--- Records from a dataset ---
::::::

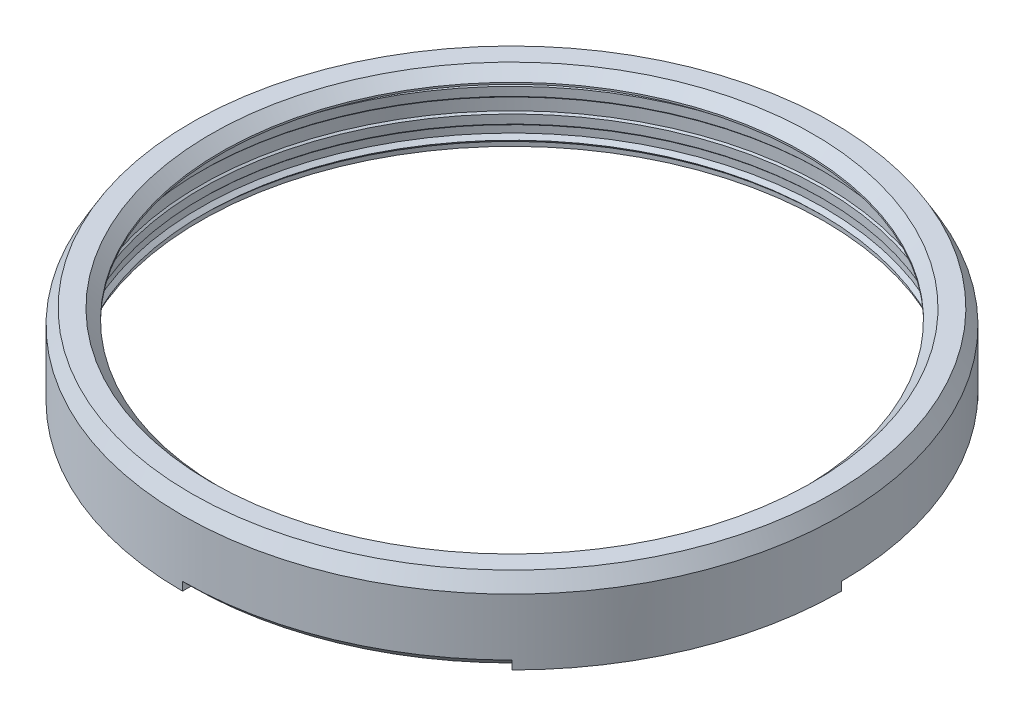
ISO-10303-21;
HEADER;
FILE_DESCRIPTION(('STEP AP214'),'2;1');
FILE_NAME('part.step','',(''),(''),'','','');
FILE_SCHEMA(('AUTOMOTIVE_DESIGN { 1 0 10303 214 1 1 1 1 }'));
ENDSEC;
DATA;
#1=APPLICATION_CONTEXT('core data for automotive mechanical design processes');
#2=APPLICATION_PROTOCOL_DEFINITION('international standard','automotive_design',2000,#1);
#3=PRODUCT_CONTEXT('',#1,'mechanical');
#4=PRODUCT('Part','Part','',(#3));
#5=PRODUCT_RELATED_PRODUCT_CATEGORY('part','',(#4));
#6=PRODUCT_DEFINITION_FORMATION('','',#4);
#7=PRODUCT_DEFINITION_CONTEXT('part definition',#1,'design');
#8=PRODUCT_DEFINITION('design','',#6,#7);
#9=PRODUCT_DEFINITION_SHAPE('','',#8);
#10=(LENGTH_UNIT() NAMED_UNIT(*) SI_UNIT(.MILLI.,.METRE.));
#11=(NAMED_UNIT(*) PLANE_ANGLE_UNIT() SI_UNIT($,.RADIAN.));
#12=(NAMED_UNIT(*) SI_UNIT($,.STERADIAN.) SOLID_ANGLE_UNIT());
#13=UNCERTAINTY_MEASURE_WITH_UNIT(LENGTH_MEASURE(1.E-05),#10,'distance_accuracy_value','');
#14=(GEOMETRIC_REPRESENTATION_CONTEXT(3) GLOBAL_UNCERTAINTY_ASSIGNED_CONTEXT((#13)) GLOBAL_UNIT_ASSIGNED_CONTEXT((#10,
#11,#12)) REPRESENTATION_CONTEXT('',''));
#15=CARTESIAN_POINT('',(0.,0.,0.));
#16=DIRECTION('',(0.,0.,1.));
#17=DIRECTION('',(1.,0.,0.));
#18=AXIS2_PLACEMENT_3D('',#15,#16,#17);
#19=CARTESIAN_POINT('',(0.,-1.39999999999984,0.));
#20=DIRECTION('',(0.,-1.,0.));
#21=DIRECTION('',(0.,0.,-1.));
#22=AXIS2_PLACEMENT_3D('',#19,#20,#21);
#23=TOROIDAL_SURFACE('',#22,35.0300000000002,1.39999999999979);
#24=CARTESIAN_POINT('',(0.,-1.39999999999984,0.));
#25=DIRECTION('',(0.,-1.,0.));
#26=DIRECTION('',(0.,0.,-1.));
#27=AXIS2_PLACEMENT_3D('',#24,#25,#26);
#28=CIRCLE('',#27,36.43);
#29=CARTESIAN_POINT('',(0.,-1.39999999999984,-36.43));
#30=VERTEX_POINT('',#29);
#31=EDGE_CURVE('E261',#30,#30,#28,.T.);
#32=ORIENTED_EDGE('',*,*,#31,.T.);
#33=EDGE_LOOP('',(#32));
#34=FACE_BOUND('',#33,.T.);
#35=CARTESIAN_POINT('',(0.,-0.0225022686044204,0.));
#36=DIRECTION('',(0.,-1.,0.));
#37=DIRECTION('',(0.,0.,-1.));
#38=AXIS2_PLACEMENT_3D('',#35,#36,#37);
#39=CIRCLE('',#38,35.28);
#40=CARTESIAN_POINT('',(0.,-0.0225022686044204,-35.28));
#41=VERTEX_POINT('',#40);
#42=EDGE_CURVE('E43',#41,#41,#39,.F.);
#43=ORIENTED_EDGE('',*,*,#42,.T.);
#44=EDGE_LOOP('',(#43));
#45=FACE_BOUND('',#44,.T.);
#46=ADVANCED_FACE('F38',(#34,#45),#23,.F.);
#47=CARTESIAN_POINT('',(0.,0.,0.));
#48=DIRECTION('',(0.,1.,0.));
#49=DIRECTION('',(0.,0.,1.));
#50=AXIS2_PLACEMENT_3D('',#47,#48,#49);
#51=PLANE('',#50);
#52=CARTESIAN_POINT('',(0.,0.,0.));
#53=DIRECTION('',(0.,1.,0.));
#54=DIRECTION('',(0.,0.,1.));
#55=AXIS2_PLACEMENT_3D('',#52,#53,#54);
#56=CIRCLE('',#55,34.);
#57=CARTESIAN_POINT('',(0.,0.,34.));
#58=VERTEX_POINT('',#57);
#59=EDGE_CURVE('E219',#58,#58,#56,.T.);
#60=ORIENTED_EDGE('',*,*,#59,.T.);
#61=EDGE_LOOP('',(#60));
#62=FACE_BOUND('',#61,.T.);
#63=CARTESIAN_POINT('',(0.,0.,0.));
#64=DIRECTION('',(0.,-1.,0.));
#65=DIRECTION('',(0.,0.,-1.));
#66=AXIS2_PLACEMENT_3D('',#63,#64,#65);
#67=CIRCLE('',#66,34.82);
#68=CARTESIAN_POINT('',(0.,0.,-34.82));
#69=VERTEX_POINT('',#68);
#70=EDGE_CURVE('E356',#69,#69,#67,.T.);
#71=ORIENTED_EDGE('',*,*,#70,.T.);
#72=EDGE_LOOP('',(#71));
#73=FACE_BOUND('',#72,.T.);
#74=ADVANCED_FACE('F292',(#62,#73),#51,.F.);
#75=CARTESIAN_POINT('',(0.,2.,0.));
#76=DIRECTION('',(0.,-1.,0.));
#77=DIRECTION('',(0.,0.,-1.));
#78=AXIS2_PLACEMENT_3D('',#75,#76,#77);
#79=CYLINDRICAL_SURFACE('',#78,38.5);
#80=CARTESIAN_POINT('',(0.,-0.332000000000011,0.));
#81=DIRECTION('',(0.,1.,0.));
#82=DIRECTION('',(0.,0.,1.));
#83=AXIS2_PLACEMENT_3D('',#80,#81,#82);
#84=CIRCLE('',#83,38.5);
#85=CARTESIAN_POINT('',(0.,-0.332000000000011,38.5));
#86=VERTEX_POINT('',#85);
#87=EDGE_CURVE('E269',#86,#86,#84,.F.);
#88=ORIENTED_EDGE('',*,*,#87,.T.);
#89=EDGE_LOOP('',(#88));
#90=FACE_BOUND('',#89,.T.);
#91=DIRECTION('',(0.,1.,0.));
#92=VECTOR('',#91,1.);
#93=CARTESIAN_POINT('',(-27.2236110756818,-8.00000000000001,-27.2236110756823));
#94=LINE('',#93,#92);
#95=CARTESIAN_POINT('',(-27.2236110756818,-8.00000000000001,-27.2236110756823));
#96=VERTEX_POINT('',#95);
#97=CARTESIAN_POINT('',(-27.2236110756818,-7.00000000000001,-27.2236110756823));
#98=VERTEX_POINT('',#97);
#99=EDGE_CURVE('E135',#96,#98,#94,.T.);
#100=ORIENTED_EDGE('',*,*,#99,.F.);
#101=CARTESIAN_POINT('',(0.,-8.00000000000001,0.));
#102=DIRECTION('',(0.,-1.,0.));
#103=DIRECTION('',(0.,0.,-1.));
#104=AXIS2_PLACEMENT_3D('',#101,#102,#103);
#105=CIRCLE('',#104,38.4999999999999);
#106=CARTESIAN_POINT('',(-38.4999999999999,-8.00000000000001,0.));
#107=VERTEX_POINT('',#106);
#108=EDGE_CURVE('E323',#107,#96,#105,.T.);
#109=ORIENTED_EDGE('',*,*,#108,.F.);
#110=DIRECTION('',(0.,1.,0.));
#111=VECTOR('',#110,1.);
#112=CARTESIAN_POINT('',(-38.5,-8.00000000000001,0.));
#113=LINE('',#112,#111);
#114=CARTESIAN_POINT('',(-38.5,-7.00000000000001,0.));
#115=VERTEX_POINT('',#114);
#116=EDGE_CURVE('E63',#107,#115,#113,.T.);
#117=ORIENTED_EDGE('',*,*,#116,.T.);
#118=CARTESIAN_POINT('',(0.,-7.00000000000001,0.));
#119=DIRECTION('',(0.,-1.,0.));
#120=DIRECTION('',(0.,0.,1.));
#121=AXIS2_PLACEMENT_3D('',#118,#119,#120);
#122=CIRCLE('',#121,38.5);
#123=CARTESIAN_POINT('',(-27.223611075682,-7.00000000000001,27.2236110756821));
#124=VERTEX_POINT('',#123);
#125=EDGE_CURVE('E143',#124,#115,#122,.T.);
#126=ORIENTED_EDGE('',*,*,#125,.F.);
#127=DIRECTION('',(0.,1.,0.));
#128=VECTOR('',#127,1.);
#129=CARTESIAN_POINT('',(-27.223611075682,-8.00000000000001,27.2236110756821));
#130=LINE('',#129,#128);
#131=CARTESIAN_POINT('',(-27.223611075682,-8.00000000000001,27.2236110756821));
#132=VERTEX_POINT('',#131);
#133=EDGE_CURVE('E149',#132,#124,#130,.T.);
#134=ORIENTED_EDGE('',*,*,#133,.F.);
#135=CARTESIAN_POINT('',(-1.34022322036767E-13,-8.00000000000001,38.4999999999999));
#136=VERTEX_POINT('',#135);
#137=EDGE_CURVE('E224',#136,#132,#105,.T.);
#138=ORIENTED_EDGE('',*,*,#137,.F.);
#139=DIRECTION('',(0.,1.,0.));
#140=VECTOR('',#139,1.);
#141=CARTESIAN_POINT('',(-1.34422031545461E-13,-8.00000000000001,38.5));
#142=LINE('',#141,#140);
#143=CARTESIAN_POINT('',(-1.34422031545461E-13,-7.00000000000001,38.5));
#144=VERTEX_POINT('',#143);
#145=EDGE_CURVE('E181',#136,#144,#142,.T.);
#146=ORIENTED_EDGE('',*,*,#145,.T.);
#147=CARTESIAN_POINT('',(0.,-7.00000000000001,0.));
#148=DIRECTION('',(0.,-1.,0.));
#149=DIRECTION('',(1.,0.,0.));
#150=AXIS2_PLACEMENT_3D('',#147,#148,#149);
#151=CIRCLE('',#150,38.5);
#152=CARTESIAN_POINT('',(27.223611075682,-7.00000000000001,27.2236110756821));
#153=VERTEX_POINT('',#152);
#154=EDGE_CURVE('E186',#153,#144,#151,.T.);
#155=ORIENTED_EDGE('',*,*,#154,.F.);
#156=DIRECTION('',(0.,1.,0.));
#157=VECTOR('',#156,1.);
#158=CARTESIAN_POINT('',(27.223611075682,-8.00000000000001,27.2236110756821));
#159=LINE('',#158,#157);
#160=CARTESIAN_POINT('',(27.223611075682,-8.00000000000001,27.2236110756821));
#161=VERTEX_POINT('',#160);
#162=EDGE_CURVE('E194',#161,#153,#159,.T.);
#163=ORIENTED_EDGE('',*,*,#162,.F.);
#164=CARTESIAN_POINT('',(38.4999999999999,-8.00000000000001,0.));
#165=VERTEX_POINT('',#164);
#166=EDGE_CURVE('E220',#165,#161,#105,.T.);
#167=ORIENTED_EDGE('',*,*,#166,.F.);
#168=DIRECTION('',(0.,1.,0.));
#169=VECTOR('',#168,1.);
#170=CARTESIAN_POINT('',(38.5,-8.00000000000001,0.));
#171=LINE('',#170,#169);
#172=CARTESIAN_POINT('',(38.5,-7.00000000000001,0.));
#173=VERTEX_POINT('',#172);
#174=EDGE_CURVE('E200',#165,#173,#171,.T.);
#175=ORIENTED_EDGE('',*,*,#174,.T.);
#176=CARTESIAN_POINT('',(0.,-7.00000000000001,0.));
#177=DIRECTION('',(0.,-1.,0.));
#178=DIRECTION('',(0.,0.,-1.));
#179=AXIS2_PLACEMENT_3D('',#176,#177,#178);
#180=CIRCLE('',#179,38.5);
#181=CARTESIAN_POINT('',(27.223611075682,-7.00000000000001,-27.2236110756821));
#182=VERTEX_POINT('',#181);
#183=EDGE_CURVE('E217',#182,#173,#180,.T.);
#184=ORIENTED_EDGE('',*,*,#183,.F.);
#185=DIRECTION('',(0.,1.,0.));
#186=VECTOR('',#185,1.);
#187=CARTESIAN_POINT('',(27.223611075682,-8.00000000000001,-27.2236110756821));
#188=LINE('',#187,#186);
#189=CARTESIAN_POINT('',(27.223611075682,-8.00000000000001,-27.2236110756821));
#190=VERTEX_POINT('',#189);
#191=EDGE_CURVE('E209',#190,#182,#188,.T.);
#192=ORIENTED_EDGE('',*,*,#191,.F.);
#193=CARTESIAN_POINT('',(4.04465223162458E-13,-8.00000000000001,-38.4999999999999));
#194=VERTEX_POINT('',#193);
#195=EDGE_CURVE('E225',#194,#190,#105,.T.);
#196=ORIENTED_EDGE('',*,*,#195,.F.);
#197=DIRECTION('',(0.,1.,0.));
#198=VECTOR('',#197,1.);
#199=CARTESIAN_POINT('',(4.03266094636382E-13,-8.00000000000001,-38.5));
#200=LINE('',#199,#198);
#201=CARTESIAN_POINT('',(4.03266094636382E-13,-7.00000000000001,-38.5));
#202=VERTEX_POINT('',#201);
#203=EDGE_CURVE('E55',#194,#202,#200,.T.);
#204=ORIENTED_EDGE('',*,*,#203,.T.);
#205=CARTESIAN_POINT('',(0.,-7.00000000000001,0.));
#206=DIRECTION('',(0.,-1.,0.));
#207=DIRECTION('',(-1.,0.,0.));
#208=AXIS2_PLACEMENT_3D('',#205,#206,#207);
#209=CIRCLE('',#208,38.5);
#210=EDGE_CURVE('E166',#98,#202,#209,.T.);
#211=ORIENTED_EDGE('',*,*,#210,.F.);
#212=EDGE_LOOP('',(#100,#109,#117,#126,#134,#138,#146,#155,#163,#167,#175,#184,#192,#196,#204,#211));
#213=FACE_BOUND('',#212,.T.);
#214=ADVANCED_FACE('F298',(#90,#213),#79,.T.);
#215=CARTESIAN_POINT('',(35.9428464201426,-8.00000000000001,-13.797166057493));
#216=DIRECTION('',(0.,-1.,0.));
#217=DIRECTION('',(0.,0.,-1.));
#218=AXIS2_PLACEMENT_3D('',#215,#216,#217);
#219=PLANE('',#218);
#220=CARTESIAN_POINT('',(0.,-8.00000000000001,0.));
#221=DIRECTION('',(0.,-1.,0.));
#222=DIRECTION('',(0.,0.,-1.));
#223=AXIS2_PLACEMENT_3D('',#220,#221,#222);
#224=CIRCLE('',#223,36.43);
#225=CARTESIAN_POINT('',(0.,-8.00000000000001,-36.43));
#226=VERTEX_POINT('',#225);
#227=EDGE_CURVE('E223',#226,#226,#224,.T.);
#228=ORIENTED_EDGE('',*,*,#227,.F.);
#229=EDGE_LOOP('',(#228));
#230=FACE_BOUND('',#229,.T.);
#231=ORIENTED_EDGE('',*,*,#108,.T.);
#232=DIRECTION('',(-0.707106781186541,0.,-0.707106781186554));
#233=VECTOR('',#232,1.);
#234=CARTESIAN_POINT('',(-26.5165042944953,-8.00000000000001,-26.5165042944958));
#235=LINE('',#234,#233);
#236=CARTESIAN_POINT('',(-26.5165042944953,-8.00000000000001,-26.5165042944958));
#237=VERTEX_POINT('',#236);
#238=EDGE_CURVE('E172',#237,#96,#235,.T.);
#239=ORIENTED_EDGE('',*,*,#238,.F.);
#240=CARTESIAN_POINT('',(0.,-8.00000000000001,0.));
#241=DIRECTION('',(0.,-1.,0.));
#242=DIRECTION('',(-1.,0.,0.));
#243=AXIS2_PLACEMENT_3D('',#240,#241,#242);
#244=CIRCLE('',#243,37.5);
#245=CARTESIAN_POINT('',(3.92791650619852E-13,-8.00000000000001,-37.5));
#246=VERTEX_POINT('',#245);
#247=EDGE_CURVE('E169',#237,#246,#244,.T.);
#248=ORIENTED_EDGE('',*,*,#247,.T.);
#249=DIRECTION('',(0.,0.,-1.));
#250=VECTOR('',#249,1.);
#251=CARTESIAN_POINT('',(3.92791650619852E-13,-8.00000000000001,-37.5));
#252=LINE('',#251,#250);
#253=EDGE_CURVE('E158',#246,#194,#252,.T.);
#254=ORIENTED_EDGE('',*,*,#253,.T.);
#255=ORIENTED_EDGE('',*,*,#195,.T.);
#256=DIRECTION('',(0.707106781186546,0.,-0.707106781186549));
#257=VECTOR('',#256,1.);
#258=CARTESIAN_POINT('',(26.5165042944955,-8.00000000000001,-26.5165042944956));
#259=LINE('',#258,#257);
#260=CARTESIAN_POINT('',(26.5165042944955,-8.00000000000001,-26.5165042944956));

::::::

--- HOW TO COMPLETE THIS TASK ---
Retype the portion of the data above that starts on the line with "#61=EDGE_LOOP('',(#60));" and finishes on the line with "#78=AXIS2_PLACEMENT_3D('',#75,#76,#77);", including both of those lines.

--- EXERCISE ANSWER ---
#61=EDGE_LOOP('',(#60));
#62=FACE_BOUND('',#61,.T.);
#63=CARTESIAN_POINT('',(0.,0.,0.));
#64=DIRECTION('',(0.,-1.,0.));
#65=DIRECTION('',(0.,0.,-1.));
#66=AXIS2_PLACEMENT_3D('',#63,#64,#65);
#67=CIRCLE('',#66,34.82);
#68=CARTESIAN_POINT('',(0.,0.,-34.82));
#69=VERTEX_POINT('',#68);
#70=EDGE_CURVE('E356',#69,#69,#67,.T.);
#71=ORIENTED_EDGE('',*,*,#70,.T.);
#72=EDGE_LOOP('',(#71));
#73=FACE_BOUND('',#72,.T.);
#74=ADVANCED_FACE('F292',(#62,#73),#51,.F.);
#75=CARTESIAN_POINT('',(0.,2.,0.));
#76=DIRECTION('',(0.,-1.,0.));
#77=DIRECTION('',(0.,0.,-1.));
#78=AXIS2_PLACEMENT_3D('',#75,#76,#77);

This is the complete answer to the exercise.